Consider a statistical physical model on the d-regular infinite tree \(T_{d}\) described by a set of interactions \(\Phi \). Let \(\{G_{n}\}\) be a sequence of finite graphs with vertex sets \(V_n\) that locally converge to \(T_{d}\). From \(\Phi \) one can construct a sequence of corresponding models on the graphs \(G_n\). Let \(\{\mu _n\}\) be the resulting Gibbs measures. Here we assume that \(\{\mu _{n}\}\) converges to some limiting Gibbs measure \(\mu \) on \(T_{d}\) in the local weak\(^*\) sense, and study the consequences of this convergence for the specific entropies \(|V_n|^{-1}H(\mu _n)\).
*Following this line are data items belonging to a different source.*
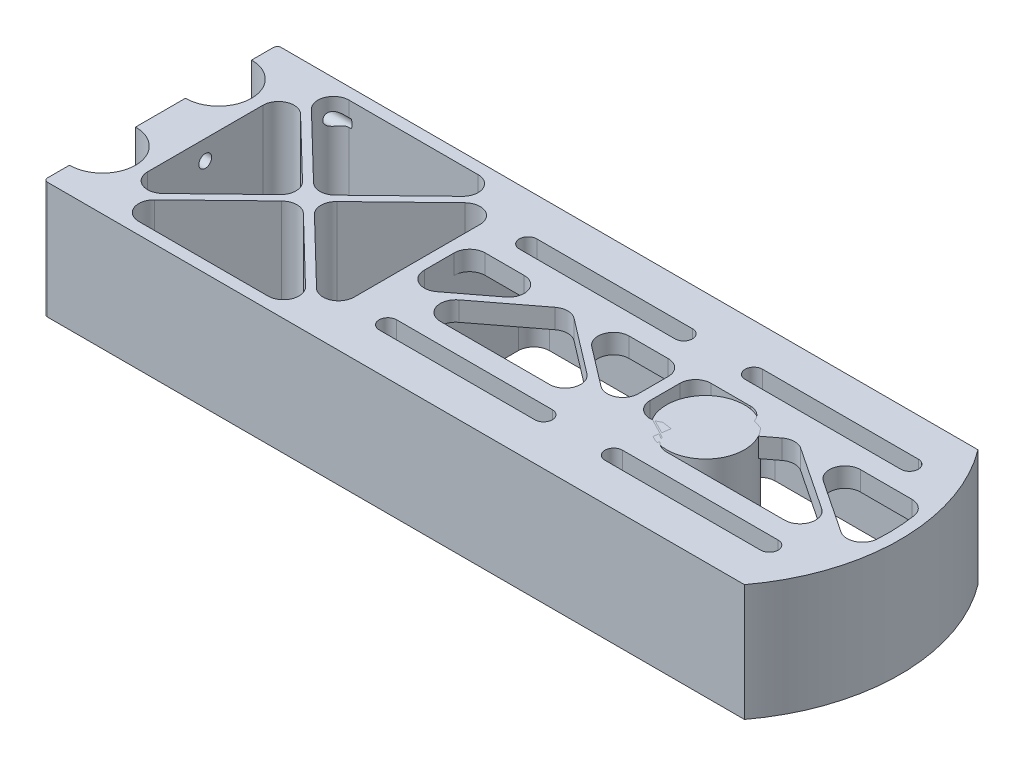
SolidWorks part; units mm, degrees
material "3.1355 (EN-AW 2024)"
ref_plane "Front" through (0, 0, 0) normal (0, 0, 1) x (1, 0, 0)
ref_plane "Top" through (0, 0, 0) normal (0, 1, 0) x (1, 0, 0)
ref_plane "Right" through (0, 0, 0) normal (1, 0, 0) x (0, 0, -1)
sketch "Эскиз1" plane through (0, 0, 0) normal (0, 1, 0) x (1, 0, 0)
  line L0 (0, 0) -> (0, 60) construction
  line L1 (0, 60) -> (180, 60)
  line L2 (190, 60) -> (190, 0) construction
  line L3 (190, 0) -> (180, 0) construction
  line L4 (0, 30) -> (140, 30) construction
  line L5 (0, 60) -> (0, 52)
  line L6 (0, 37.8) -> (0, 22.2)
  line L7 (0, 8) -> (0, 0)
  line L8 (140, 30) -> (190, 30) construction
  line L9 (180, 60) -> (190, 60) construction
  line L10 (180, 0) -> (0, 0)
  circle A0 centre (0, 44.9) radius 7.1 construction
  circle A1 centre (0, 15.1) radius 7.1 construction
  arc A2 (0, 52) -> (0, 37.8) centre (0, 44.9) cw
  arc A3 (0, 8) -> (0, 22.2) centre (0, 15.1) ccw
  arc A4 (180, 0) -> (180, 60) centre (140, 30) ccw
  point P11 (0, 52)
  point P12 (0, 37.8)
  dimension "D2" = 14.2
  dimension "D4" = 29.8
  dimension "D8" = 50
  dimension "D1" = 60
  dimension "D3" = 15.1
  dimension "D5" = 140
  dimension "D6" = 50
  dimension "D7" = 190
extrude "Бобышка-Вытянуть1" add sketch "Эскиз1" along normal blind 30
sketch "Эскиз2" plane through (0, 30, 0) normal (0, 1, 0) x (1, 0, 0)
  line L5 (3, 3) -> (178.4708, 3)
  line L6 (3, 3) -> (178.4708, 3)
  line L12 (3, 5.4558) -> (3, 3)
  line L15 (178.4708, 57) -> (3, 57)
  line L16 (3, 57) -> (3, 54.5442)
  line L17 (3, 35.2558) -> (3, 24.7442)
  line L18 (3, 5.4558) -> (3, 3)
  line L21 (178.4708, 57) -> (3, 57)
  line L22 (3, 57) -> (3, 54.5442)
  line L23 (3, 35.2558) -> (3, 24.7442)
  arc A3 (178.4708, 3) -> (178.4708, 57) centre (140, 30) ccw
  arc A4 (3, 35.2558) -> (3, 54.5442) centre (0, 44.9) ccw
  arc A5 (3, 5.4558) -> (3, 24.7442) centre (0, 15.1) ccw
  arc A6 (3, 35.2558) -> (3, 54.5442) centre (0, 44.9) ccw
  arc A7 (3, 5.4558) -> (3, 24.7442) centre (0, 15.1) ccw
  arc A8 (178.4708, 3) -> (178.4708, 57) centre (140, 30) ccw
  dimension "D1" = 3
extrude "Вырез-Вытянуть1" cut sketch "Эскиз2" against normal through all
sketch "Temp" plane through (0, 30, 0) normal (0, 1, 0) x (1, 0, 0)
  circle A0 centre (140, 30) radius 10
  dimension "D1" = 20
extrude "Бобышка-Вытянуть2" add sketch "Temp" against normal up to surface (30 mm away) separate body up to face at (49.7088, 0, -30)
sketch "Эскиз3" plane through (0, 30, 0) normal (0, 1, 0) x (1, 0, 0)
  line L0 (178.4708, 57) -> (3, 57) construction
  line L1 (174.4166, 48) -> (134.4166, 48) construction
  line L2 (174.4166, 43.5) -> (134.4166, 43.5)
  line L3 (174.4166, 52.5) -> (134.4166, 52.5)
  line L4 (174.4166, 48) -> (183.4166, 48) construction
  line L5 (125.4166, 57) -> (125.4166, 30) construction
  line L6 (0, 30) -> (140, 30) construction
  line L7 (76.4166, 48) -> (116.4166, 48) construction
  line L8 (76.4166, 43.5) -> (116.4166, 43.5)
  line L9 (76.4166, 52.5) -> (116.4166, 52.5)
  line L10 (187, 30) -> (125.4166, 30) construction
  line L11 (76.4166, 12) -> (116.4166, 12) construction
  line L12 (76.4166, 16.5) -> (116.4166, 16.5)
  line L13 (76.4166, 7.5) -> (116.4166, 7.5)
  line L14 (174.4166, 12) -> (134.4166, 12) construction
  line L15 (174.4166, 16.5) -> (134.4166, 16.5)
  line L16 (174.4166, 7.5) -> (134.4166, 7.5)
  line L17 (68.9166, 57) -> (68.9166, 40.5)
  line L18 (68.9166, 40.5) -> (185.8121, 40.5)
  line L19 (178.4708, 57) -> (68.9166, 57)
  line L20 (76.4166, 12) -> (116.4166, 12) construction
  line L21 (76.4166, 16.5) -> (116.4166, 16.5)
  line L22 (76.4166, 7.5) -> (116.4166, 7.5)
  line L23 (174.4166, 12) -> (134.4166, 12) construction
  line L24 (174.4166, 16.5) -> (134.4166, 16.5)
  line L25 (174.4166, 7.5) -> (134.4166, 7.5)
  line L26 (68.9166, 19.5) -> (185.8121, 19.5)
  line L27 (178.4708, 3) -> (68.9166, 3)
  line L28 (68.9166, 3) -> (68.9166, 19.5)
  arc A0 (174.4166, 43.5) -> (174.4166, 52.5) centre (174.4166, 48) ccw
  arc A1 (134.4166, 52.5) -> (134.4166, 43.5) centre (134.4166, 48) ccw
  arc A2 (178.4708, 3) -> (178.4708, 57) centre (140, 30) ccw construction
  arc A3 (76.4166, 43.5) -> (76.4166, 52.5) centre (76.4166, 48) cw
  arc A4 (116.4166, 52.5) -> (116.4166, 43.5) centre (116.4166, 48) cw
  arc A5 (76.4166, 16.5) -> (76.4166, 7.5) centre (76.4166, 12) ccw
  arc A6 (116.4166, 7.5) -> (116.4166, 16.5) centre (116.4166, 12) ccw
  arc A7 (174.4166, 16.5) -> (174.4166, 7.5) centre (174.4166, 12) cw
  arc A8 (134.4166, 7.5) -> (134.4166, 16.5) centre (134.4166, 12) cw
  arc A9 (185.8121, 40.5) -> (178.4708, 57) centre (140, 30) ccw
  arc A10 (76.4166, 16.5) -> (76.4166, 7.5) centre (76.4166, 12) ccw
  arc A11 (116.4166, 7.5) -> (116.4166, 16.5) centre (116.4166, 12) ccw
  arc A12 (174.4166, 16.5) -> (174.4166, 7.5) centre (174.4166, 12) cw
  arc A13 (134.4166, 7.5) -> (134.4166, 16.5) centre (134.4166, 12) cw
  arc A14 (185.8121, 19.5) -> (178.4708, 3) centre (140, 30) cw
  point P1 (154.4166, 48)
  point P20 (96.4166, 48)
  point P28 (96.4166, 12)
  point P35 (154.4166, 12)
  arc M3 (178.4708, 57) -> (178.4708, 3) centre (140, 30) cw
  line M4 (178.4708, 3) -> (3, 3)
  line M10 (3, 57) -> (178.4708, 57)
  dimension "D1" = 4.5
  dimension "D6" = 3
  dimension "D2" = 40
  dimension "D3" = 9
  dimension "D4" = 9
  dimension "D5" = 9
  dimension "D7" = 7.5
extrude "Бобышка-Вытянуть3" add sketch "Эскиз3" against normal blind 5 contours L17 L18 A1 L3 A0 L2 L9 A4 L8 A3 M3 M10 | L28 L26 A6 L13 A5 L12 L16 A8 L15 A7 M4 M3
sketch "Эскиз4" plane through (0, 30, 0) normal (0, 1, 0) x (1, 0, 0)
  line L0 (3, 57) -> (3, 54.5442) construction
  line L1 (3, 35.2558) -> (3, 24.7442) construction
  line L2 (3, 5.4558) -> (3, 3) construction
  line L3 (3, 3) -> (68.9166, 3) construction
  line L4 (68.9166, 57) -> (3, 57) construction
  line L5 (3, 57) -> (3, 54.5442)
  line L6 (3, 35.2558) -> (3, 24.7442)
  line L7 (3, 5.4558) -> (3, 3)
  line L8 (3, 3) -> (10.1, 3)
  line L9 (10.1, 57) -> (3, 57)
  line L10 (10.1, 57) -> (10.1, 3)
  arc A0 (3, 35.2558) -> (3, 54.5442) centre (0, 44.9) ccw construction
  arc A1 (3, 5.4558) -> (3, 24.7442) centre (0, 15.1) ccw construction
  arc A2 (3, 35.2558) -> (3, 54.5442) centre (0, 44.9) ccw
  arc A3 (3, 5.4558) -> (3, 24.7442) centre (0, 15.1) ccw
  line M4 (68.9166, 3) -> (3, 3)
  line M5 (3, 3) -> (3, 5.4558)
  arc M6 (3, 5.4558) -> (3, 24.7442) centre (0, 15.1) ccw
  line M7 (3, 24.7442) -> (3, 35.2558)
  arc M8 (3, 35.2558) -> (3, 54.5442) centre (0, 44.9) ccw
  line M9 (3, 54.5442) -> (3, 57)
  line M10 (3, 57) -> (68.9166, 57)
extrude "Бобышка-Вытянуть4" add sketch "Эскиз4" against normal through all contours L10 M10 M9 M8 | L10 M8 M7 M6 | L10 M6 M5 M4
sketch "Эскиз6" plane through (0, 30, 0) normal (0, 1, 0) x (1, 0, 0)
  line L0 (65.9166, 57) -> (65.9166, 3)
  line L1 (68.9166, 57) -> (10.1, 57) construction
  line L2 (10.1, 3) -> (68.9166, 3) construction
  line L3 (68.9166, 57) -> (68.9166, 40.5) construction
  line L4 (65.9166, 3) -> (68.9166, 3)
  line L5 (68.9166, 3) -> (68.9166, 57)
  line L6 (68.9166, 57) -> (65.9166, 57)
  dimension "D1" = 3
extrude "Бобышка-Вытянуть5" add sketch "Эскиз6" against normal through all
sketch "Эскиз7" plane through (0, 30, 0) normal (0, 1, 0) x (1, 0, 0)
  line L0 (10.1, 3) -> (65.9166, 57) construction
  line L1 (10.1, 57) -> (65.9166, 3) construction
  line L2 (10.1, 55.6086) -> (36.5701, 30)
  line L3 (11.5382, 3) -> (38.0083, 28.6086)
  line L4 (11.5382, 57) -> (38.0083, 31.3914)
  line L5 (10.1, 4.3914) -> (36.5701, 30)
  line L6 (65.9166, 57) -> (10.1, 57) construction
  line L7 (10.1, 57) -> (10.1, 3) construction
  line L8 (10.1, 3) -> (65.9166, 3) construction
  line L9 (65.9166, 57) -> (65.9166, 3) construction
  line L10 (65.9166, 57) -> (64.4784, 57)
  line L11 (10.1, 57) -> (10.1, 55.6086)
  line L12 (10.1, 3) -> (11.5382, 3)
  line L13 (65.9166, 57) -> (65.9166, 55.6086)
  line L14 (11.5382, 57) -> (10.1, 57)
  line L15 (10.7953, 57.7187) -> (66.6119, 3.7187) construction
  line L16 (9.4047, 56.2813) -> (65.2213, 2.2813) construction
  line L17 (65.9166, 4.3914) -> (65.9166, 3)
  line L18 (9.4047, 3.7187) -> (65.2213, 57.7187) construction
  line L19 (10.7953, 2.2813) -> (66.6119, 56.2813) construction
  line L20 (64.4784, 3) -> (65.9166, 3)
  line L21 (10.1, 4.3914) -> (10.1, 3)
  line L22 (39.4465, 30) -> (65.9166, 55.6086)
  line L23 (39.4465, 30) -> (65.9166, 4.3914)
  line L24 (38.0083, 31.3914) -> (64.4784, 57)
  line L25 (38.0083, 28.6086) -> (64.4784, 3)
  dimension "D1" = 1
  dimension "D2" = 1
extrude "Бобышка-Вытянуть6" add sketch "Эскиз7" against normal through all
sketch "Эскиз9" plane through (0, 25, 0) normal (0, -1, 0) x (1, 0, 0)
  line L0 (120.9166, -12) -> (129.9166, -12) construction
  line L1 (125.4166, -3) -> (125.4166, -57) construction
  line L2 (68.9166, -57) -> (178.4708, -57) construction
  line L3 (123.9166, -3) -> (123.9166, -57)
  line L4 (101.5292, -3) -> (68.9166, -3) construction
  line L5 (126.9166, -3) -> (126.9166, -57)
  line L6 (123.9166, -3) -> (126.9166, -3)
  line L7 (123.9166, -57) -> (126.9166, -57)
  arc A0 (116.4166, -16.5) -> (116.4166, -7.5) centre (116.4166, -12) ccw construction
  arc A1 (134.4166, -16.5) -> (134.4166, -7.5) centre (134.4166, -12) ccw construction
  point P8 (125.4166, -12)
  dimension "D1" = 1.5
  dimension "D2" = 1.5
extrude "Бобышка-Вытянуть8" add sketch "Эскиз9" along normal through all and the other way through all
sketch "Эскиз8" plane through (0, 30, 0) normal (0, 1, 0) x (1, 0, 0)
  line L0 (96.4166, 43.5) -> (96.4166, 16.5) construction
  line L1 (76.4166, 43.5) -> (116.4166, 43.5) construction
  line L2 (76.4166, 16.5) -> (116.4166, 16.5) construction
  line L3 (154.4166, 43.5) -> (154.4166, 16.5) construction
  line L4 (174.4166, 43.5) -> (134.4166, 43.5) construction
  line L5 (174.4166, 16.5) -> (134.4166, 16.5) construction
  line L6 (68.9166, 19.5) -> (96.4166, 40.5) construction
  line L7 (116.4166, 48) -> (134.4166, 48) construction
  line L8 (125.4166, 48) -> (125.4166, 19.5) construction
  line L9 (68.9166, 40.5) -> (123.9166, 40.5) construction
  line L10 (96.4166, 40.5) -> (123.9166, 19.5) construction
  line L11 (126.9166, 19.5) -> (154.4401, 40.4052) construction
  line L12 (154.4401, 40.4052) -> (185.8121, 19.5) construction
  line L13 (70.5643, 19.5) -> (96.4166, 39.2418)
  line L14 (96.4166, 39.2418) -> (122.2689, 19.5)
  line L15 (128.5699, 19.5) -> (154.478, 39.1782)
  line L16 (154.478, 39.1782) -> (184.0088, 19.5)
  line L17 (68.9166, 20.7582) -> (94.7689, 40.5)
  line L18 (98.0643, 40.5) -> (123.9166, 20.7582)
  line L19 (126.9166, 20.7557) -> (152.9116, 40.5)
  line L20 (122.2689, 19.5) -> (123.9166, 19.5)
  line L22 (94.7689, 40.5) -> (98.0643, 40.5)
  line L23 (68.9166, 19.5) -> (68.9166, 40.5) construction
  line L24 (68.9166, 19.5) -> (123.9166, 19.5) construction
  line L25 (123.9166, 19.5) -> (123.9166, 40.5) construction
  line L26 (126.9166, 40.5) -> (126.9166, 19.5) construction
  line L27 (126.9166, 40.5) -> (185.8121, 40.5) construction
  line L28 (126.9166, 19.5) -> (185.8121, 19.5) construction
  line L29 (68.9166, 19.5) -> (68.9166, 20.7582)
  line L30 (68.9166, 19.5) -> (70.5643, 19.5)
  line L31 (123.9166, 19.5) -> (123.9166, 20.7582)
  line L32 (126.9166, 20.7557) -> (126.9166, 19.5)
  line L33 (152.9116, 40.5) -> (156.1011, 40.5)
  line L34 (126.9166, 19.5) -> (128.5699, 19.5)
  line L35 (184.0088, 19.5) -> (185.8121, 19.5)
  line L36 (154.4021, 41.6321) -> (186.3666, 20.3322) construction
  line L37 (154.478, 39.1782) -> (185.2576, 18.6678) construction
  line L38 (156.1011, 40.5) -> (186.0401, 20.5497)
  line L39 (127.5214, 18.7037) -> (154.478, 39.1782) construction
  line L40 (126.3117, 20.2963) -> (154.4021, 41.6321) construction
  line L42 (96.4166, 41.7582) -> (124.5235, 20.2948) construction
  line L43 (68.3097, 20.2948) -> (96.4166, 41.7582) construction
  line L44 (69.5235, 18.7052) -> (96.4166, 39.2418) construction
  line L45 (96.4166, 39.2418) -> (123.3097, 18.7052) construction
  arc A1 (185.8121, 19.5) -> (185.8121, 40.5) centre (140, 30) ccw construction
  arc A2 (185.8121, 19.5) -> (186.0401, 20.5497) centre (140, 30) ccw
  point P26 (69.5235, 18.7052)
  point P27 (96.4324, 39.2539)
  point P28 (125.4324, 18.2539)
  point P30 (185.2357, 18.6828)
  point P31 (68.3097, 20.2948)
  point P32 (96.4007, 41.7461)
  point P33 (125.4007, 20.7461)
  point P34 (154.3931, 42.8858)
  point P35 (186.3885, 20.3172)
  point P49 (154.4166, 40.5)
  dimension "D1" = 1
  dimension "D2" = 1
extrude "Бобышка-Вытянуть7" add sketch "Эскиз8" against normal up to surface (5 mm away) up to face at (96.4166, 25, -12)
fillet "Скругление1" radius 4 10 edges at (11.5382, 15, -57) (38.0083, 15, -31.3914) (64.4784, 15, -57) (65.9166, 15, -55.6086) (39.4465, 15, -30) (65.9166, 15, -4.3914) (11.5382, 15, -3) (64.4784, 15, -3) (38.0083, 15, -28.6086) (36.5701, 15, -30)
fillet "Скругление2" radius 4 8 edges at (178.4708, 12.5, -57) (178.4708, 12.5, -3) (126.9166, 12.5, -3) (126.9166, 12.5, -57) (123.9166, 12.5, -3) (68.9166, 12.5, -3) (68.9166, 12.5, -57) (123.9166, 12.5, -57)
fillet "Скругление3" radius 4 18 edges at (98.0643, 27.5, -40.5) (123.9166, 27.5, -40.5) (123.9166, 27.5, -20.7582) (122.2689, 27.5, -19.5) (96.4166, 27.5, -39.2418) (70.5643, 27.5, -19.5) (94.7689, 27.5, -40.5) (68.9166, 27.5, -40.5) (68.9166, 27.5, -20.7582) (185.8121, 27.5, -40.5) (156.1011, 27.5, -40.5) (186.0401, 27.5, -20.5497) (184.0088, 27.5, -19.5) (154.478, 27.5, -39.1782) (128.5699, 27.5, -19.5) (126.9166, 27.5, -20.7557) (152.9116, 27.5, -40.5) (126.9166, 27.5, -40.5)
sketch "Эскиз10" plane through (0, 30, 0) normal (0, 1, 0) x (1, 0, 0)
  line L90 (76.4166, 52.5) -> (116.4166, 52.5) construction
  line L91 (76.4166, 43.5) -> (116.4166, 43.5) construction
  line L92 (116.4166, 50.25) -> (76.4166, 50.25)
  line L93 (76.4166, 45.75) -> (116.4166, 45.75)
  line L94 (116.4166, 50.25) -> (76.4166, 50.25)
  line L95 (76.4166, 45.75) -> (116.4166, 45.75)
  line L96 (76.4166, 52.5) -> (116.4166, 52.5)
  line L97 (76.4166, 43.5) -> (116.4166, 43.5)
  line L98 (174.4166, 52.5) -> (134.4166, 52.5) construction
  line L99 (174.4166, 43.5) -> (134.4166, 43.5) construction
  line L100 (174.4166, 52.5) -> (134.4166, 52.5)
  line L101 (174.4166, 43.5) -> (134.4166, 43.5)
  line L102 (76.4166, 16.5) -> (116.4166, 16.5) construction
  line L103 (76.4166, 7.5) -> (116.4166, 7.5) construction
  line L104 (76.4166, 16.5) -> (116.4166, 16.5)
  line L105 (76.4166, 7.5) -> (116.4166, 7.5)
  line L106 (174.4166, 16.5) -> (134.4166, 16.5) construction
  line L107 (174.4166, 7.5) -> (134.4166, 7.5) construction
  line L108 (174.4166, 16.5) -> (134.4166, 16.5)
  line L109 (174.4166, 7.5) -> (134.4166, 7.5)
  line L110 (174.4166, 45.75) -> (134.4166, 45.75)
  line L111 (174.4166, 50.25) -> (134.4166, 50.25)
  line L112 (174.4166, 14.25) -> (134.4166, 14.25)
  line L113 (174.4166, 9.75) -> (134.4166, 9.75)
  line L114 (76.4166, 9.75) -> (116.4166, 9.75)
  line L115 (76.4166, 14.25) -> (116.4166, 14.25)
  arc A90 (76.4166, 52.5) -> (76.4166, 43.5) centre (76.4166, 48) ccw construction
  arc A91 (116.4166, 43.5) -> (116.4166, 52.5) centre (116.4166, 48) ccw construction
  arc A92 (76.4166, 50.25) -> (76.4166, 45.75) centre (76.4166, 48) ccw
  arc A93 (116.4166, 45.75) -> (116.4166, 50.25) centre (116.4166, 48) ccw
  arc A94 (76.4166, 50.25) -> (76.4166, 45.75) centre (76.4166, 48) ccw
  arc A95 (116.4166, 45.75) -> (116.4166, 50.25) centre (116.4166, 48) ccw
  arc A96 (76.4166, 52.5) -> (76.4166, 43.5) centre (76.4166, 48) ccw
  arc A97 (116.4166, 43.5) -> (116.4166, 52.5) centre (116.4166, 48) ccw
  arc A98 (134.4166, 52.5) -> (134.4166, 43.5) centre (134.4166, 48) ccw construction
  arc A99 (174.4166, 43.5) -> (174.4166, 52.5) centre (174.4166, 48) ccw construction
  arc A100 (134.4166, 52.5) -> (134.4166, 43.5) centre (134.4166, 48) ccw
  arc A101 (174.4166, 43.5) -> (174.4166, 52.5) centre (174.4166, 48) ccw
  arc A102 (116.4166, 7.5) -> (116.4166, 16.5) centre (116.4166, 12) ccw construction
  arc A103 (76.4166, 16.5) -> (76.4166, 7.5) centre (76.4166, 12) ccw construction
  arc A104 (116.4166, 7.5) -> (116.4166, 16.5) centre (116.4166, 12) ccw
  arc A105 (76.4166, 16.5) -> (76.4166, 7.5) centre (76.4166, 12) ccw
  arc A106 (134.4166, 16.5) -> (134.4166, 7.5) centre (134.4166, 12) ccw construction
  arc A107 (174.4166, 7.5) -> (174.4166, 16.5) centre (174.4166, 12) ccw construction
  arc A108 (134.4166, 16.5) -> (134.4166, 7.5) centre (134.4166, 12) ccw
  arc A109 (174.4166, 7.5) -> (174.4166, 16.5) centre (174.4166, 12) ccw
  arc A110 (134.4166, 50.25) -> (134.4166, 45.75) centre (134.4166, 48) ccw
  arc A111 (174.4166, 45.75) -> (174.4166, 50.25) centre (174.4166, 48) ccw
  arc A112 (134.4166, 14.25) -> (134.4166, 9.75) centre (134.4166, 12) ccw
  arc A113 (174.4166, 9.75) -> (174.4166, 14.25) centre (174.4166, 12) ccw
  arc A114 (76.4166, 14.25) -> (76.4166, 9.75) centre (76.4166, 12) ccw
  arc A115 (116.4166, 9.75) -> (116.4166, 14.25) centre (116.4166, 12) ccw
  dimension "D1" = 2.25
  dimension "D2" = 2.25
  dimension "D3" = 2.25
  dimension "D4" = 2.25
extrude "Бобышка-Вытянуть9" add sketch "Эскиз10" against normal up to surface (5 mm away) up to face at (155.2427, 25, -27.7696)
sketch "Эскиз12" plane through (0, 0, 0) normal (0, -1, 0) x (1, 0, 0)
  line L0 (5, -23.8755) -> (5, -36.1245)
  line L1 (0, -37.8) -> (0, -22.2) construction
  line L2 (10.1, -55.6086) -> (10.1, -4.3914) construction
  line L3 (10.1, -44.9) -> (10.1, -15.1)
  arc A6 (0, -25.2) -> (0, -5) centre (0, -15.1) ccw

We show that the limit supremum of \(|V_n|^{-1}H(\mu _n)\) is bounded above by the percolative entropy \(H_{\textit{perc}}(\mu )\), a function of \(\mu \) itself, and that \(|V_n|^{-1}H(\mu _n)\) actually converges to \(H_{\textit{perc}}(\mu )\) in case \(\Phi \) exhibits strong spatial mixing on \(T_d\). When it is known to exist, the limit of \(|V_n|^{-1}H(\mu _n)\) is most commonly shown to be given by the Bethe ansatz. Percolative entropy gives a different formula, and we do not know how to connect it to the Bethe ansatz directly. We discuss a few examples of well-known models for which the latter result holds in the high temperature regime.